··· Given data ···

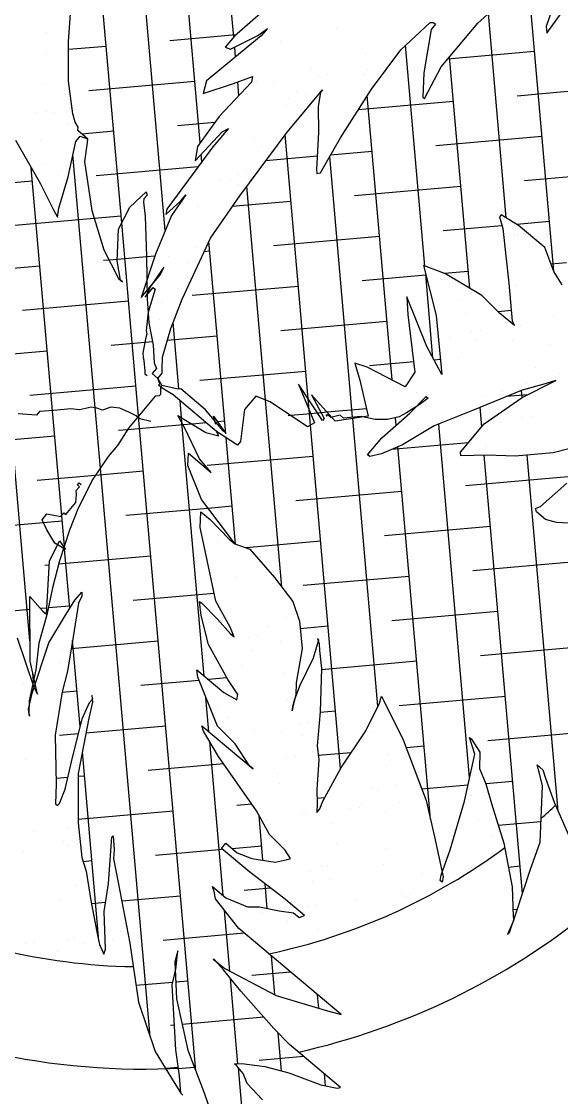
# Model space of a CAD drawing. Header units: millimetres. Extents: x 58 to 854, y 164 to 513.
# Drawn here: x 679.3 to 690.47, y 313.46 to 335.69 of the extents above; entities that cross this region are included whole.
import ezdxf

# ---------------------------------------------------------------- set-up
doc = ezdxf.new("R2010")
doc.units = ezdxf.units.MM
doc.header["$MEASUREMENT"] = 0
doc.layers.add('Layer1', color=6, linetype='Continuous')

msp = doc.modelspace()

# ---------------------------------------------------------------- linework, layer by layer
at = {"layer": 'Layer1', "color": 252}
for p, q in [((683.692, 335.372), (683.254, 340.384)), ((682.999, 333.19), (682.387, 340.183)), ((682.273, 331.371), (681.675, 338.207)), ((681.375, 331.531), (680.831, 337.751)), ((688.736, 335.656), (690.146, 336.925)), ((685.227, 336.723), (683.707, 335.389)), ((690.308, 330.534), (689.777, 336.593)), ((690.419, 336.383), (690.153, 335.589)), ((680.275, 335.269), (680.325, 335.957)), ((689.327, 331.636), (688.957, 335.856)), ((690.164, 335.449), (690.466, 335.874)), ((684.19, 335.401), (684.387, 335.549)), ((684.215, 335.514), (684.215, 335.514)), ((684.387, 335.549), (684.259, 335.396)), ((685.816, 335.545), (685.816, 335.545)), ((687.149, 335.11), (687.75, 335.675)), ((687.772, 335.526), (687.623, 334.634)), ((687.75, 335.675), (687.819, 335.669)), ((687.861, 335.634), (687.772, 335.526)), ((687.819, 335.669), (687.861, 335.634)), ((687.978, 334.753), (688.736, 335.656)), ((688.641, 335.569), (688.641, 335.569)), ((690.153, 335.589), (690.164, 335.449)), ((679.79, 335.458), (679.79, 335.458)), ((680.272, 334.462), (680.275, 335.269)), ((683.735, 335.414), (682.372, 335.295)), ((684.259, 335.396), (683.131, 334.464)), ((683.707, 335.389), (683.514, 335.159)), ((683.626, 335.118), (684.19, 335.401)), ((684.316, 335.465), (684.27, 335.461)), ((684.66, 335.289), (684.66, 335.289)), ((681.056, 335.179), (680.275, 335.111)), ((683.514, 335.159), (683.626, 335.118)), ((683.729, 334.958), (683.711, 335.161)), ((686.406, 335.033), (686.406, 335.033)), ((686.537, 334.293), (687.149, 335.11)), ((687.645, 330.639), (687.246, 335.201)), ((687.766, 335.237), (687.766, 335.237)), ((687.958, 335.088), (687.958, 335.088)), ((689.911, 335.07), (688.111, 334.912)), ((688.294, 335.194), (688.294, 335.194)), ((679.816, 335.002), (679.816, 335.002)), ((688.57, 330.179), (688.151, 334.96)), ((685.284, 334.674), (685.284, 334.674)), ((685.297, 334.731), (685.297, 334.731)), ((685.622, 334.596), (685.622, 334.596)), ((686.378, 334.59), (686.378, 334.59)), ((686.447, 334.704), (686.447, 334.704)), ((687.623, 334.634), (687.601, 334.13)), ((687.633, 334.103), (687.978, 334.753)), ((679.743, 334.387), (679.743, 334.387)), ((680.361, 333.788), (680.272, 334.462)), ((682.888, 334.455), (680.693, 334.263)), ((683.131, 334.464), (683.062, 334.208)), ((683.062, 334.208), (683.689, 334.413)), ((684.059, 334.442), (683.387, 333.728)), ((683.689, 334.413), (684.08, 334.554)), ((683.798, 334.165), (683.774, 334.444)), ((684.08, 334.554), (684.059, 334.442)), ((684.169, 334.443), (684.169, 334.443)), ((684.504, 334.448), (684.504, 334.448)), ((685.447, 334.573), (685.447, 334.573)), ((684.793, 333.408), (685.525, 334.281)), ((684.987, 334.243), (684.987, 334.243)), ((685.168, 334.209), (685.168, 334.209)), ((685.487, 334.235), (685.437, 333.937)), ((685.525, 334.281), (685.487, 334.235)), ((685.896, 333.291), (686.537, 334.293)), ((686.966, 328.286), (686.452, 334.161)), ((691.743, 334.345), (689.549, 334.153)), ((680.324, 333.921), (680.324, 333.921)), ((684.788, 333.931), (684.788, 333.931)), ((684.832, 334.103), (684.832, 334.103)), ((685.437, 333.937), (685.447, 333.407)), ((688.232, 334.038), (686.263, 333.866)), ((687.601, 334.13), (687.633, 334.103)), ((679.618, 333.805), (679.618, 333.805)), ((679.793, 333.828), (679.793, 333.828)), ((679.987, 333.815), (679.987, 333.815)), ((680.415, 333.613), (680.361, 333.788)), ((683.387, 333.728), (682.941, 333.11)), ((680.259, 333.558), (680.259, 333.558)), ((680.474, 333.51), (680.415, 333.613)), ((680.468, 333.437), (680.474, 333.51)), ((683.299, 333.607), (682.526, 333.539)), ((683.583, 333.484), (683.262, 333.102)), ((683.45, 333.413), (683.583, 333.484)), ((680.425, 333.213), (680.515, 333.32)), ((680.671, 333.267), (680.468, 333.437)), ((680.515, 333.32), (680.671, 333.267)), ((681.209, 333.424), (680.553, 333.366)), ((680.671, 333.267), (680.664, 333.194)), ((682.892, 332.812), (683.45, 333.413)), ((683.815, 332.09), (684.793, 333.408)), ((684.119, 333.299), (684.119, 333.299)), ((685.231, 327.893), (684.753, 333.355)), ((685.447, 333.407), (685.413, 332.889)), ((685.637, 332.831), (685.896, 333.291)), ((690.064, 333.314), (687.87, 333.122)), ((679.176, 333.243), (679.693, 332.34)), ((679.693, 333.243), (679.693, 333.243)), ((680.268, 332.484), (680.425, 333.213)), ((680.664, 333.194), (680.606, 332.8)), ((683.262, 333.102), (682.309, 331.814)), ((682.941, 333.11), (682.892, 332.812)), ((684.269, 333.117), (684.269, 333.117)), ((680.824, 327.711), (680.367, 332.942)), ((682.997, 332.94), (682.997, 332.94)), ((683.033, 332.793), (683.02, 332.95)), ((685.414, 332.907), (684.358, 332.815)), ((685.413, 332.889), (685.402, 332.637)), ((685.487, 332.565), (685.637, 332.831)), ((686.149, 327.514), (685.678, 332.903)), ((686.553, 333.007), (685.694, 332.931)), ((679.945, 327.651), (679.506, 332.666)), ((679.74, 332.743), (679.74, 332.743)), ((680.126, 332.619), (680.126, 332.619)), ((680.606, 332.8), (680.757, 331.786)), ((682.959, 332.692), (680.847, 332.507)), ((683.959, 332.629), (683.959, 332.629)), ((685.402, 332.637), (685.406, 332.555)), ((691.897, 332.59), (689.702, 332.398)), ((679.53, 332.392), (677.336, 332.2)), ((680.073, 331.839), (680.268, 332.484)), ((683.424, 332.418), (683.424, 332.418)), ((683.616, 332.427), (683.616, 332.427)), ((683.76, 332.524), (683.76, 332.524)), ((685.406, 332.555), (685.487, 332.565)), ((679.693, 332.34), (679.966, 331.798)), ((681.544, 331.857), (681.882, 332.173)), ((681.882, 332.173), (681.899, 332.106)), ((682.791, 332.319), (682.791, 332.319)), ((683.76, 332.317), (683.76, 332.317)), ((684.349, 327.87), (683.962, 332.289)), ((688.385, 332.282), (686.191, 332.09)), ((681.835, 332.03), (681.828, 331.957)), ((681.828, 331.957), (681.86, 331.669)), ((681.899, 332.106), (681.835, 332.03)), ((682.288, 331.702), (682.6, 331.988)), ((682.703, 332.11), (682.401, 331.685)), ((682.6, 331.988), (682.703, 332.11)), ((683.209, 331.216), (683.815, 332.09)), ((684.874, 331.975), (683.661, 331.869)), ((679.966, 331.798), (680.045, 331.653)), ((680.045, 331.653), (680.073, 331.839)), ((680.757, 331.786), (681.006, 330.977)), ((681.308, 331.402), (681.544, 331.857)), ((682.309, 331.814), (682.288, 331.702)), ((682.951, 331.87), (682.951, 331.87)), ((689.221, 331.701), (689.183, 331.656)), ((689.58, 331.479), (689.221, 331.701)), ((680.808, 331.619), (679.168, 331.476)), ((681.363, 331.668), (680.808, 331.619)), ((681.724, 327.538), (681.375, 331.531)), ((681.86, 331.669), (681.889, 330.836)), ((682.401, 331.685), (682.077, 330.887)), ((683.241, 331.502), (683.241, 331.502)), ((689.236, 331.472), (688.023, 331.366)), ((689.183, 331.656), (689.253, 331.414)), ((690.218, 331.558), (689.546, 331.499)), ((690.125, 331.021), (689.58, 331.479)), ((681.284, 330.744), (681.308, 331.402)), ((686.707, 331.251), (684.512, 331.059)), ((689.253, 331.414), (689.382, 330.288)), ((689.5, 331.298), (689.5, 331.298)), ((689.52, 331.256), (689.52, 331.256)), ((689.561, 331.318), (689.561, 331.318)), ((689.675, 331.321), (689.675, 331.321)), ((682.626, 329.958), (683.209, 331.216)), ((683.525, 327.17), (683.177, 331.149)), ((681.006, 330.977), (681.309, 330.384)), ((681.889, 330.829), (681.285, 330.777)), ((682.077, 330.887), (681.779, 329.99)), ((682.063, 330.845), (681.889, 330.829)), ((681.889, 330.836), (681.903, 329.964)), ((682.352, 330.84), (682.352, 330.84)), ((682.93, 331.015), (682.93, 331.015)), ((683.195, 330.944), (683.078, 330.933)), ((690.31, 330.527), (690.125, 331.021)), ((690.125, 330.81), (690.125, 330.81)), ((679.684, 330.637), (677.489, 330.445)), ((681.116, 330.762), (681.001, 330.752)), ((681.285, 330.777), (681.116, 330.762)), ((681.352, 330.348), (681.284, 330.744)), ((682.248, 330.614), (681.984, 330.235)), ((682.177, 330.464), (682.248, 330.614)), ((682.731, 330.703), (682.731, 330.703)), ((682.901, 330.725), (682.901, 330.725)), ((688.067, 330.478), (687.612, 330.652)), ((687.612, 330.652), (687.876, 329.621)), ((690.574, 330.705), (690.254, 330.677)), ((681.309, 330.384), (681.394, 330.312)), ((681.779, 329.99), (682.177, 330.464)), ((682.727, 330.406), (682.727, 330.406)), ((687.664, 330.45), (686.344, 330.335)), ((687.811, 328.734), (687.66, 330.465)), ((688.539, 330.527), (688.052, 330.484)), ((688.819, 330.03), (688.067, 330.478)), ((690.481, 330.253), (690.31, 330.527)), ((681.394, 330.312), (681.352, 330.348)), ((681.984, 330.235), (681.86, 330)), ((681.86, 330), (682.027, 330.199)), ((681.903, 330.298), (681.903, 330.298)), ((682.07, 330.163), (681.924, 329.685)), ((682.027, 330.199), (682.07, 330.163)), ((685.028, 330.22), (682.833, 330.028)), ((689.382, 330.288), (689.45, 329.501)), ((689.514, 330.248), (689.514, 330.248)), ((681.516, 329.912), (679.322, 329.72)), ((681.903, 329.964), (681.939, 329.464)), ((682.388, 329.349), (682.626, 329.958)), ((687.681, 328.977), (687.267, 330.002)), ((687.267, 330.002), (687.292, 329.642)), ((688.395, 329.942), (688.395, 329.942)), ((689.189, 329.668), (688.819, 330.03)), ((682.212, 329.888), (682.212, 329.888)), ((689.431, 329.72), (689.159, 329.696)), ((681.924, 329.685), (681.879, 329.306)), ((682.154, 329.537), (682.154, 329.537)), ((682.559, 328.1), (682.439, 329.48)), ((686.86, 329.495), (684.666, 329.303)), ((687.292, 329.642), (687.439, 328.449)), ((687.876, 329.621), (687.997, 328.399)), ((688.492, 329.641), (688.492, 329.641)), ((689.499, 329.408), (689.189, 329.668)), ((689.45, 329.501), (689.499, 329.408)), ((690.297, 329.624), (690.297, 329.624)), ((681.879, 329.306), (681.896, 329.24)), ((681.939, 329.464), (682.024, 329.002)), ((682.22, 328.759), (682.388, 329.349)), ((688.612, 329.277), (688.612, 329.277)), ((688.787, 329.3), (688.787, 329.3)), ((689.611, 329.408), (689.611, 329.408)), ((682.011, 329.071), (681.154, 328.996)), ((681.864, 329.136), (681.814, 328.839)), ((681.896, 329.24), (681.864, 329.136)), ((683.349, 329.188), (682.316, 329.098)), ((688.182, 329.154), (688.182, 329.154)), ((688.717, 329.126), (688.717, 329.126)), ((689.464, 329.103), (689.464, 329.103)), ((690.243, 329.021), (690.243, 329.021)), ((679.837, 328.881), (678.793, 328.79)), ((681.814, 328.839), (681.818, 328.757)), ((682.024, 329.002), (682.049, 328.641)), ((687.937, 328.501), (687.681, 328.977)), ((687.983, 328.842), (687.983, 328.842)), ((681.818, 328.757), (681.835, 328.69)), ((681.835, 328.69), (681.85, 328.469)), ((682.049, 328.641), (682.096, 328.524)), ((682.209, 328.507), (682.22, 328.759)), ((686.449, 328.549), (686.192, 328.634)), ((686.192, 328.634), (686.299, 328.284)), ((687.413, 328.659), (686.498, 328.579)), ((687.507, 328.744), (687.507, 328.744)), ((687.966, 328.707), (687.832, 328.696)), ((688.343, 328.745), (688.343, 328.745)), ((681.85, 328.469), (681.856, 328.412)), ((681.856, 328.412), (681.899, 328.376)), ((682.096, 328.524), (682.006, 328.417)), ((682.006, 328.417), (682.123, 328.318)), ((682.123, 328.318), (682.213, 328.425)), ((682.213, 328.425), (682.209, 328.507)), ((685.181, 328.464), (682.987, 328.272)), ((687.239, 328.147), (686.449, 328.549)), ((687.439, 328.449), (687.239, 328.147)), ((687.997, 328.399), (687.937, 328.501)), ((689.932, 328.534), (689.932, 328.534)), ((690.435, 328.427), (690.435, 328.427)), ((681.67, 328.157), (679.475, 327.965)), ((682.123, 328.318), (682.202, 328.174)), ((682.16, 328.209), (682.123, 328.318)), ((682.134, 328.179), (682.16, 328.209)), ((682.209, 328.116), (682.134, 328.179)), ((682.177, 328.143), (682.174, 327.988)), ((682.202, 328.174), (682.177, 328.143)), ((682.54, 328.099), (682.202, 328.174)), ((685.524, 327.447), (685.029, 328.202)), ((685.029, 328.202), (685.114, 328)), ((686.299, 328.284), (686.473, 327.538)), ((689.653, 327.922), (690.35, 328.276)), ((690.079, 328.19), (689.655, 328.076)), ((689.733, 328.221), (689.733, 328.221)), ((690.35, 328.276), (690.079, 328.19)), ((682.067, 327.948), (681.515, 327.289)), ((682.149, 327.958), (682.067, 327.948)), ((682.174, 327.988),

···

**Work item**.
What lines in the material above hold the string "units"? List them.

**Exercise response**.
# Model space of a CAD drawing. Header units: millimetres. Extents: x 58 to 854, y 164 to 513.
doc.units = ezdxf.units.MM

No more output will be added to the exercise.